Document Reordering for Efficient Dynamic Pruning in Traditional and Learned Sparse Retrieval


Yafay E., ALTINGÖVDE İ. S.

IEEE Access, cilt.14, ss.70175-70187, 2026 (SCI-Expanded, Scopus) identifier

  • Yayın Türü: Makale / Tam Makale
  • Cilt numarası: 14
  • Basım Tarihi: 2026
  • Doi Numarası: 10.1109/access.2026.3690983
  • Dergi Adı: IEEE Access
  • Derginin Tarandığı İndeksler: Science Citation Index Expanded (SCI-EXPANDED), Scopus, Compendex, INSPEC, Directory of Open Access Journals
  • Sayfa Sayıları: ss.70175-70187
  • Anahtar Kelimeler: dynamic pruning, Information retrieval, inverted index, neural retrieval, search engines
  • Orta Doğu Teknik Üniversitesi Adresli: Evet

Özet

Large scale Web search engines conduct first-stage retrieval using a traditional inverted index, on which they are expected to execute billions of queries on a very tight budget, i.e., less than 200 milliseconds. During query processing, the postings lists corresponding to each query term are traversed in parallel, i.e., applying document-at-a-time (DaaT) strategy, and a min-heap of top-k documents is employed to store the top-ranked documents.

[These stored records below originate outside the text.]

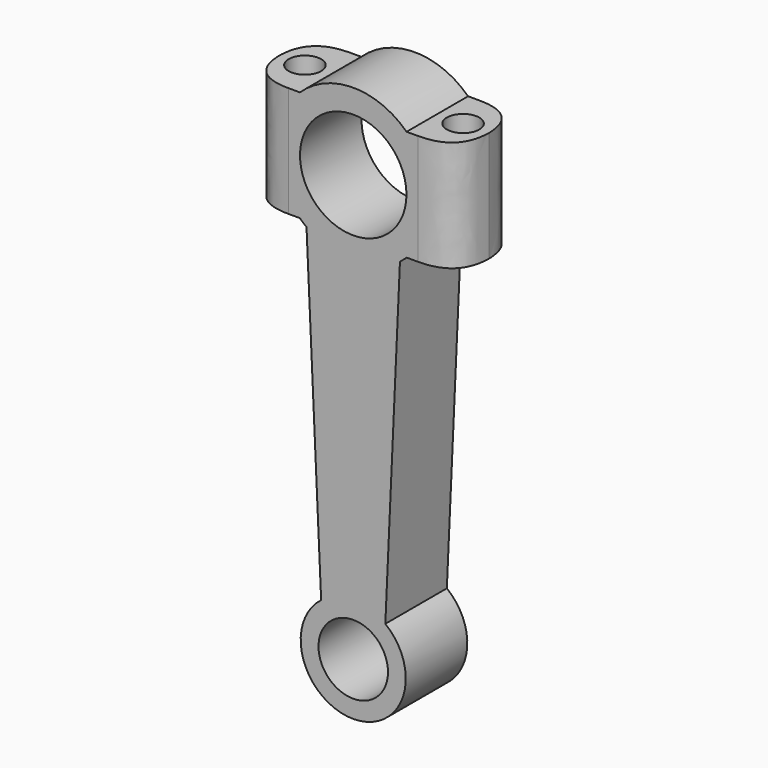
from build123d import *

# Parameters (mm, degrees)
F0_R        = 7.1501
F0_R_2      = 10.95375
F1_DEPTH    = 7.9121
F2_T1_DEPTH = 64.0588
F3_R        = 3.34264
F4_DEPTH    = 103.5501653159


# Not quite as in the source:
# - a fillet or chamfer that OpenCascade refuses, or shapes differently, is made with other operations: its cross-section is extruded or revolved along the edge and cut away or added
# - a feature names something its author has since deleted; it is built from what else it names


with BuildPart() as f1:
    # F0 (on Front) → F1 (new body, symmetric)
    with BuildSketch(Plane.XZ):
        with BuildLine():
            ThreePointArc((-10.9740144438, 76.3394153159), (-10.3105393191, 75.7356011824), (-9.6139, 75.1703716645))
            Line((-9.6139, 75.1703716645), (-6.604, 8.5633440549))
            ThreePointArc((-6.604, 8.5633440549), (0, -10.81405), (6.604, 8.5633440549))
            Line((6.604, 8.5633440549), (9.6139, 75.1703716645))
            ThreePointArc((9.6139, 75.1703716645), (10.3105393191, 75.7356011824), (10.9740144438, 76.3394153159))
            Line((10.9740144438, 76.3394153159), (21.57095, 76.3394153159))
            Line((21.57095, 76.3394153159), (21.57095, 99.1232153159))
            Line((21.57095, 99.1232153159), (10.9740144438, 99.1232153159))
            ThreePointArc((10.9740144438, 99.1232153159), (0, 103.5491653159), (-10.9740144438, 99.1232153159))
            Line((-10.9740144438, 99.1232153159), (-21.57095, 99.1232153159))
            Line((-21.57095, 99.1232153159), (-21.57095, 76.3394153159))
            Line((-21.57095, 76.3394153159), (-10.9740144438, 76.3394153159))
        make_face()
        Circle(F0_R, mode=Mode.SUBTRACT)
        with Locations((0, 87.7313153159)):
            Circle(F0_R_2, mode=Mode.SUBTRACT)
    extrude(amount=F1_DEPTH, both=True)

    # F2: fillet of radius 8.255 on 4 edges, made by hand

    # F2_s2 → F2_t1 (cut)
    with BuildSketch(Plane.XY.offset(55.7019153159)):
        with BuildLine():
            add(Edge.make_bspline(
                [(-13.31595, -7.9121), (-21.57095, -7.9121), (-21.57095, 0.3429)],
                knots=[0, 0, 0, 1, 1, 1], degree=2, weights=[1, 1, 1]))
            Line((-21.57095, 0.3429), (-21.57095, -7.9121))
            Line((-21.57095, -7.9121), (-13.31595, -7.9121))
        make_face()
        with BuildLine():
            add(Edge.make_bspline(
                [(-21.57095, -0.3429), (-21.57095, 7.9121), (-13.31595, 7.9121)],
                knots=[0, 0, 0, 1, 1, 1], degree=2, weights=[1, 1, 1]))
            Line((-13.31595, 7.9121), (-21.57095, 7.9121))
            Line((-21.57095, 7.9121), (-21.57095, -0.3429))
        make_face()
        with BuildLine():
            add(Edge.make_bspline(
                [(21.57095, 0.3429), (21.57095, -7.9121), (13.31595, -7.9121)],
                knots=[0, 0, 0, 1, 1, 1], degree=2, weights=[1, 1, 1]))
            Line((13.31595, -7.9121), (21.57095, -7.9121))
            Line((21.57095, -7.9121), (21.57095, 0.3429))
        make_face()
        with BuildLine():
            add(Edge.make_bspline(
                [(21.57095, -0.3429), (21.57095, 7.9121), (13.31595, 7.9121)],
                knots=[0, 0, 0, 1, 1, 1], degree=2, weights=[1, 1, 1]))
            Line((13.31595, 7.9121), (21.57095, 7.9121))
            Line((21.57095, 7.9121), (21.57095, -0.3429))
        make_face()
    extrude(amount=F2_T1_DEPTH, mode=Mode.SUBTRACT)

    # F3 (on Top) → F4 (cut, through all)
    with BuildSketch(Plane.XY):
        with Locations((-16.2724846, 0)):
            Circle(F3_R)
        with Locations((16.2724877468, 0)):
            Circle(F3_R)
    extrude(amount=F4_DEPTH, mode=Mode.SUBTRACT)


solid = f1.part

Dynamic pruning algorithms accelerate DaaT query processing by skipping documents that cannot enter the top-k results. Their efficiency, however, depends on how quickly the heap threshold increases during scoring. This paper explores an alternative route to faster pruning: rather than estimating the threshold in advance, we reorder documents within postings lists based on their frequency, position or score in past query results, allowing the threshold to rise more rapidly. We show that the tailored Hit Count (HC) reordering - derived from document frequency in historical query logs - achieves significant speedups for both traditional and learned sparse models. Specifically, HC provides up to a 1.12× speedup for BM25-based scoring on ClueWeb09B and SPLADE-based scoring on MS MARCO, with only a modest increase in index size. This demonstrates that our lightweight document reordering approach yields consistent efficiency gains in both traditional and neural information retrieval settings.